Hi DiS tech team.
I've just searched Scroobius Pip. On looking at his profile I noticed that Nestor had rated him 0/10.
I then noticed that the 'Users who liked...' function said 'Users who liked Scroobius Pip also liked Bad Sandwich'.
I thought 'NO-ONE likes Bad Sandwich', so I went to have a look.
I noticed that Nestor had also rated Bad Sandwich 0/10.
So clearly the technology doesn't take into account HOW the bands it links were actually rated. It should really say 'Users who commented on artist x also commented on artist y'.
Can this be refined in any way?
I'm so negative :(
I didn't want to convey that impression :(
I disagree with you on Pip but there should be minus ratings for bands like Bad Sandwich.
don't start that again!
there was originally a negative ratings sytem on this incarnation of DiS and EVERYONE kicked off about it.
oops, I didn't think people were actually serious about that!
It's based on correlation
correlation between negatives counts just as much as that between positives
-1 * -1 = 1
which is a roundabout way of saying, for now, nope, deal with it :)
Guess we could change the language though, to 'opinions on Scroobius Pip are highly correlated with opinions on Bad Sandwich', but that doesn't read so easily.
That hurt my brain
Oh yes, I should say
that the ratings system currently treats 5 as the midpoint, ratings below 5 as negative, above 5 as positive.
This is explained on the page about it.
There are other more sophisticated algorithms we could use, but they're pretty expensive/tricky/specialised things to implement, so it depends mainly on what DiS's priorities are.
what are DiS' priorities?
out of interest
I see
It did cross my mind that both artists have a relatively low number of user comments, therefore this instance could be out of the ordinary (generally for any band you'll have more than 10 people rating them 9 or above etc.).

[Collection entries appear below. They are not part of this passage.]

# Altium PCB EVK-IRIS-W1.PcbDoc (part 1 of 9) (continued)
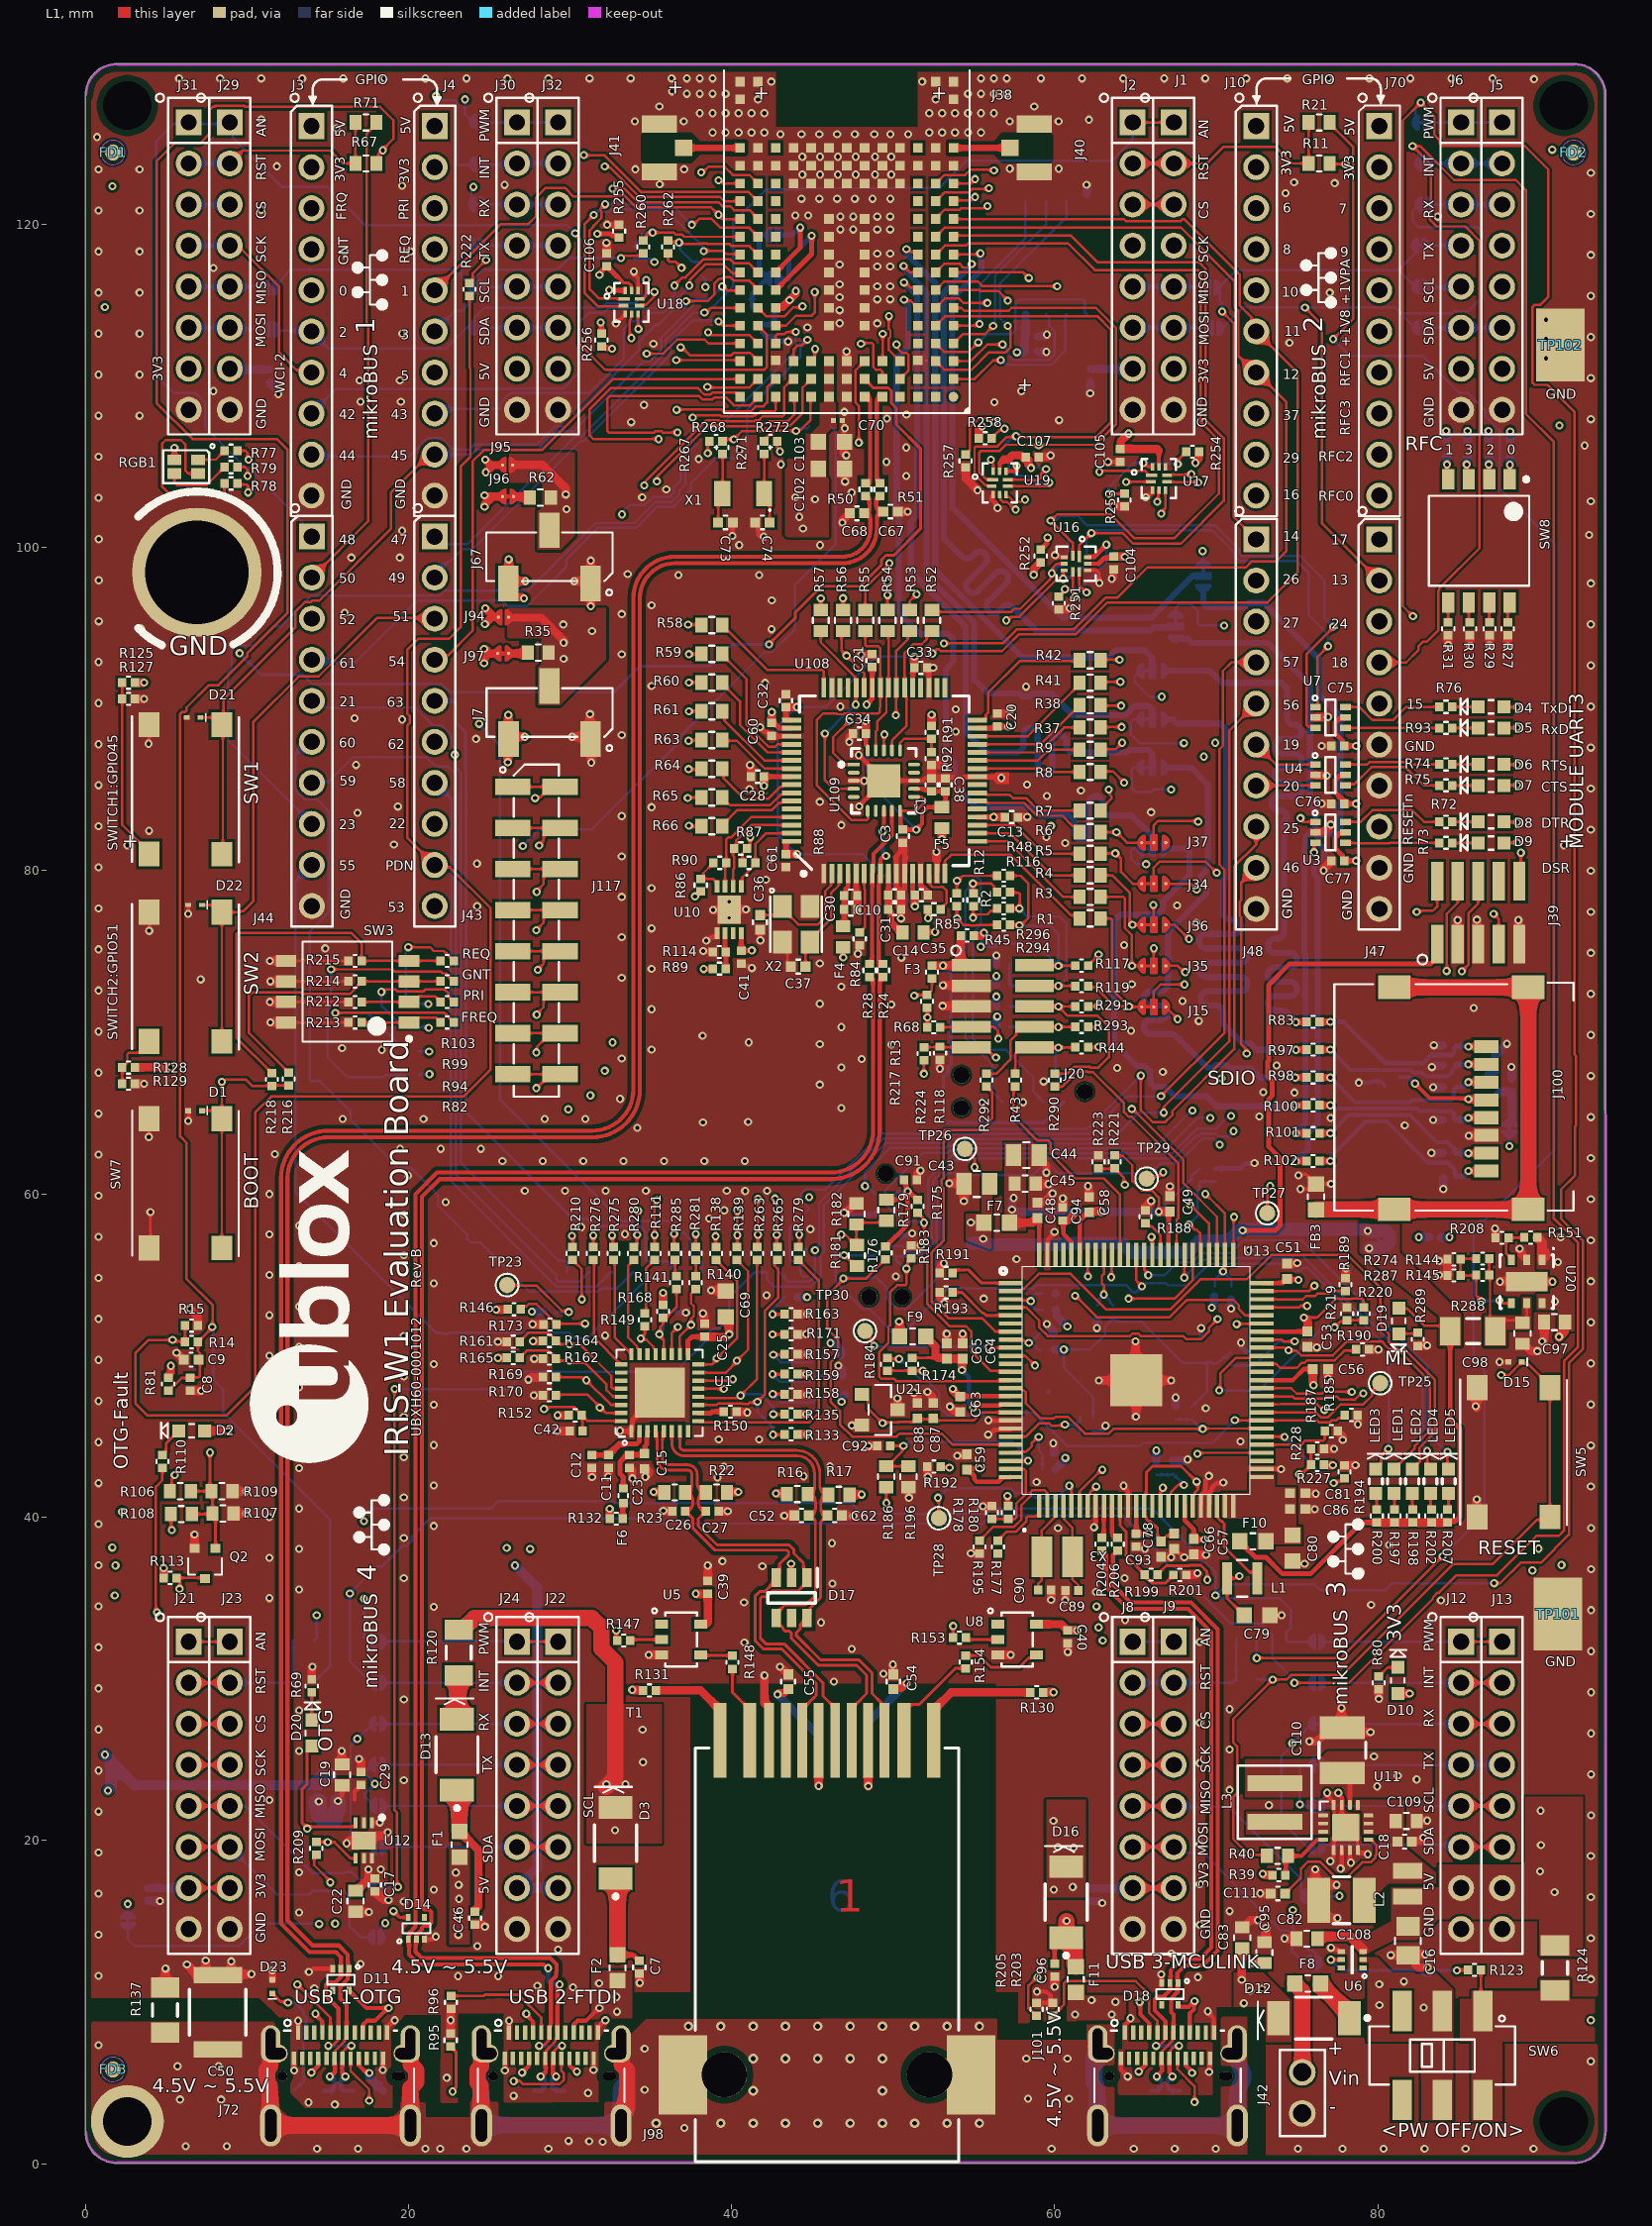
[diagram p0: L1 view]
## Components (designator, comment, footprint, x,y, rotation, side; value= is the part's Value field where it differs from the comment)
C1 "120-000160.1uF" "Cap 0402 HD"#1 52.378,85.305 r90 top locked value=0.1uF
C2 "120-000160.1uF" "Cap 0402 HD"#2 11.405,110.605 r90 top locked value=0.1uF
C3 "120-000160.1uF" "Cap 0402 HD"#1 50.6,82.13 r270 top locked value=0.1uF
C4 "120-000160.1uF" "Cap 0402 HD"#1 62.2,110.621 r90 bottom locked value=0.1uF
C5 "120-000160.1uF" "Cap 0402 HD"#1 62.2,16.626 r90 bottom locked value=0.1uF
C6 "120-000160.1uF" "Cap 0402 HD"#1 3.873,16.651 r90 bottom locked value=0.1uF
C7 "120-000160.1uF" "Cap 0402 HD"#1 34.294,12.141 r90 top locked value=0.1uF
C8 "UBXH01-000024410U" "Cap 0402 HD"#1 6.507,48.213 r270 top locked value=10U
C9 "UBXH01-002302510N" "Cap 0402" 6.558,49.738 r180 top locked value=10N
C10 "120-000160.1uF" "Cap 0402 HD"#1 47.375,78.447 r0 top locked value=0.1uF
C11 "120-000422.2uF" "Cap 0402 HD"#1 32.38,43.451 r270 top locked value=2.2uF
C12 "120-000160.1uF" "Cap 0402 HD"#1 31.342,43.434 r270 top locked value=0.1uF
C13 "120-000160.1uF" "Cap 0402 HD"#1 57.331,83.309 r0 top locked value=0.1uF
C14 "120-000160.1uF" "Cap 0402 HD"#1 50.092,78.473 r0 top locked value=0.1uF
C15 "UBXH01-00002434U7" Cap_0402_1200Lx700Wx700H_600x600Pad_350G_FLX 34.617,43.451 r270 top locked value=4U7
C16 "UBXH01-00000074U7" "Cap 0805" 81.861,13.787 r270 top locked value=4U7
C17 "120-000160.1uF" "Cap 0402 HD"#3 17.929,17.238 r270 top locked value=0.1uF
C18 "UBXH01-00002111N5" "CAP 0402"#1 81.657,19.918 r0 top locked value=1N5
C19 "UBXH01-000031010U" "Cap 0603 HD"#1 15.899,24.054 r270 top locked value=10U
C20 "120-000160.1uF" "Cap 0402 HD"#1 56.442,89.318 r90 top locked value=0.1uF
C21 "120-000160.1uF" "Cap 0402 HD"#1 48.707,92.993 r90 top locked value=0.1uF
C22 "UBXH01-000031010U" "Cap 0603 HD"#2 16.727,16.231 r90 top locked value=10U
C23 "120-000160.1uF" "Cap 0402 HD"#1 33.684,43.451 r270 top locked value=0.1uF
C24 "120-000160.1uF" "Cap 0402 HD"#1 58.545,113.03 r0 bottom locked value=0.1uF
C25 "120-000160.1uF" "Cap 0402 HD"#1 38.325,51.551 r90 top locked value=0.1uF
C26 "UBXH01-0000233100N" "Cap 0402 HD"#1 36.736,40.373 r0 top locked value=100N
C27 "UBXH01-0000233100N" "Cap 0402 HD"#1 38.819,40.373 r180 top locked value=100N
C28 "120-000160.1uF" "Cap 0402 HD"#1 41.609,85.813 r180 top locked value=0.1uF
C29 "120-000160.1uF" "Cap 0402 HD"#1 17.067,23.825 r90 top locked value=0.1uF
C30 "UBXH01-00002434U7" "Cap 0402 HD"#1 47.375,77.584 r0 top locked value=4U7
C31 "UBXH01-00002434U7" "Cap 0402 HD"#1 50.092,77.609 r0 top locked value=4U7
C32 "UBXH01-00002434U7" "Cap 0402 HD"#1 43.361,90.512 r90 top locked value=4U7
C33 "120-000160.1uF" "Cap 0402 HD"#1 51.707,92.544 r0 top locked value=0.1uF
C34 "120-000160.1uF" "Cap 0402 HD"#1 47.908,88.48 r180 top locked value=0.1uF
C35 "120-000160.1uF" "Cap 0402 HD"#1 51.743,78.473 r0 top locked value=0.1uF
C36 "UBXH01-000401718P" "Cap 0402" 41.761,76.796 r270 top locked value=18P
C37 "UBXH01-000401718P" "Cap 0402" 44.123,74.053 r180 top locked value=18P
C38 "UBXH01-00002434U7" "Cap 0402 HD"#1 53.242,85.305 r90 top locked value=4U7
C39 "120-000160.1uF" "Cap 0402 HD"#1 38.53,35.662 r90 top locked value=0.1uF
C40 "120-000160.1uF" "Cap 0402 HD"#1 60.813,32.588 r270 top locked value=0.1uF
C41 "120-000160.1uF" "Cap 0402 HD"#1 40.604,74.631 r270 top locked value=0.1uF
C42 "120-000160.1uF" "Cap 0402 HD"#1 30.375,45.327 r180 top locked value=0.1uF
C43 "120-0012910uF" "Cap 0805 HD"#1 55.167,60.604 r180 top locked value=10uF
C44 "120-0012910uF" "Cap 0805 HD"#1 58.244,62.392 r0 top locked value=10uF
C45 "UBXH01-00002784U7" "Cap 0603 HD"#3 58.166,60.63 r0 top locked value=4U7
C46 "120-000160.1uF" "Cap 0402 HD"#1 24.128,15.189 r90 top locked value=0.1uF
C47 "UBXH01-00002434U7" "Cap 0402 HD"#1 58.545,112.098 r0 bottom locked value=4U7
C48 "UBXH01-0000233100N" Cap_0402_1100Lx600Wx600H_600x600Pad_350G_FLX#1 58.928,58.978 r90 top locked value=100N
C49 "UBXH01-0000233100N" Cap_0402_1100Lx600Wx600H_600x600Pad_350G_FLX#1 67.129,59.382 r90 top locked value=100N
C50 "1812GC472KAT1A\1K" FP-1812-L_4_6_0_5-W_3_2_0-MFG 8.199,9.359 r270 top locked
C51 "UBXH01-0000233100N" Cap_0402_1100Lx600Wx600H_600x600Pad_350G_FLX#1 74.368,55.211 r90 top locked value=100N
C52 "UBXH01-0000233100N" "CAP 0402"#2 44.332,40.099 r180 top locked value=100N
C53 "UBXH01-0000233100N" Cap_0402_1100Lx600Wx600H_600x600Pad_350G_FLX#1 75.64,51.003 r270 top locked value=100N
C54 "UBXH01-0000233100N" "Cap 0402" 50.011,29.813 r90 top locked value=100N
C55 "UBXH01-0000233100N" "Cap 0402" 43.509,29.813 r90 top locked value=100N
C56 "UBXH01-0000233100N" Cap_0402_1100Lx600Wx600H_600x600Pad_350G_FLX#1 76.452,49.149 r0 top locked value=100N
C57 "UBXH01-002302510N" Cap_0402_1100Lx600Wx600H_600x600Pad_350G_FLX#1 68.604,38.176 r270 top locked value=10N
C58 "UBXH01-002302510N" Cap_0402_1100Lx600Wx600H_600x600Pad_350G_FLX#1 62.128,59.334 r90 top value=10N
C59 "UBXH01-002302510N" Cap_0402_1100Lx600Wx600H_600x600Pad_350G_FLX#1 54.558,43.409 r90 top locked value=10N
C60 "120-000160.1uF" "Cap 0402 HD"#1 42.472,88.734 r270 top locked value=0.1uF
C61 "120-000160.1uF" "Cap 0402 HD"#1 43.361,80.606 r270 top locked value=0.1uF
C62 "UBXH01-0000233100N" "CAP 0402"#2 46.38,40.099 r180 top locked value=100N
C63 "UBXH01-002302510N" Cap_0402_1100Lx600Wx600H_600x600Pad_350G_FLX#1 54.149,46.981 r270 top locked value=10N
C64 "UBXH01-0000233100N" Cap_0402_1100Lx600Wx600H_600x600Pad_350G_FLX#1 54.304,50.267 r90 top locked value=100N
C65 "UBXH01-000802247P" Cap_0402_1100Lx600Wx600H_600x600Pad_350G_FLX#1 53.326,50.267 r90 top locked value=47P
C66 "UBXH01-000802247P" Cap_0402_1100Lx600Wx600H_600x600Pad_350G_FLX#1 67.392,38.5 r270 top value=47P
C67 "UBXH01-00040115P6" "Cap 0402" 49.832,102.209 r0 top locked value=5P6
C68 "UBXH01-00040115P6" "Cap 0402" 47.755,102.103 r180 top locked value=5P6
C69 "UBXH01-000004122U" "cap 0603" 39.63,53.188 r90 top locked value=22U
C70 "UBXH01-0000245100N" "Cap 0201 HD"#1 46.582,107.854 r0 top locked value=100N
C71 "120-0013310uF" "Cap 0805 HD"#2 86.841,66.573 r90 bottom locked value=10uF
C72 "120-000770.1uF" "Cap 0402 HD"#1 88.289,66.726 r90 bottom locked value=0.1uF
C73 "UBXH01-000401718P" "Cap 0402" 39.624,101.533 r0 top locked value=18P
C74 "UBXH01-000401718P" "Cap 0402" 41.91,101.533 r180 top locked value=18P
C75 "120-000160.1uF" "Cap 0402 HD"#1 77.507,87.711 r180 top locked value=0.1uF
C76 "120-000160.1uF" "Cap 0402 HD"#1 77.507,84.13 r180 top locked value=0.1uF
C77 "120-000160.1uF" "Cap 0402 HD"#1 77.507,80.607 r180 top locked value=0.1uF
C78 "UBXH01-0000233100N" Cap_0402_1100Lx600Wx600H_600x600Pad_350G_FLX#1 66.572,38.024 r270 top locked value=100N
C79 "UBXH01-000015022U" "Cap 0603"#1 72.515,33.925 r0 top locked value=22U
C80 "UBXH01-000015022U" "Cap 0603"#2 74.713,38.066 r270 top locked value=22U
C81 "UBXH01-0000233100N" Cap_0402_1100Lx600Wx600H_600x600Pad_350G_FLX#2 75.03,41.478 r0 top locked value=100N
C82 "UBXH01-000031010U" "Cap 0603 HD"#2 75.614,13.915 r180 top locked value=10U
C83 "UBXH01-000031010U" "Cap 0603 HD"#2 71.595,13.97 r90 top locked value=10U
C84 "UBXH01-00002434U7" "Cap 0402 HD"#1 42.691,113.343 r270 bottom locked value=4U7
C85 "UBXH01-0000245100N" "Cap 0201 HD"#2 41.894,113.578 r270 bottom locked value=100N
C86 "UBXH01-000802247P" Cap_0402_1100Lx600Wx600H_600x600Pad_350G_FLX#2 75.03,40.501 r0 top locked value=47P
C87 "UBXH01-0000233100N" Cap_0402_1100Lx600Wx600H_600x600Pad_350G_FLX#1 52.475,46.584 r90 top locked value=100N
C88 "UBXH01-0000233100N" Cap_0402_1100Lx600Wx600H_600x600Pad_350G_FLX#1 51.498,46.584 r90 top locked value=100N
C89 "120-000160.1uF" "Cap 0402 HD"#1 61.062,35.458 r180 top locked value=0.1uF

But cheers for explaining it!
Yeah,
when there aren't very many ratings, it's easy for one extreme case to affect that bit.
It's a pretty simple cosine similarity between ratings vectors (if that helps at all :).
I am well aware of better techniques, but no longer have the time to implement them just for fun. If someone can get enough value from them to pay me, though :)
Some more explanation
Someone gives Scroobius Pip and Bad Sandwich both highly negative ratings --> positive correlation
Someone gives Scroobius Pip and Bad Sandwich both highly positive ratings --> positive correlation
Someone gives Scroobius Pip a good rating and Bad Sandwich a bad rating --> negative correlation
Someone gives Scroobius Pip a bad rating and Bad Sandwich a good rating --> negative correlation
Yeah, I get it.
And I have no clue how to explain this, but including positive correlations between negative ratings in the algorithm can be useful in the context, because people who hate bands of a certain genre tend to hate them all alike. So if someone gives Oasis 0 and Stereophonics 0 - as MOR indie bands - it's a reasonable-ish indication that someone with different musical taste, someone who likes Oasis, for example, will also like Stereophonics.
Now I know how it works I'm much more comfortable with it. As you can tell from my original post I thought it was much more simplistic than it is.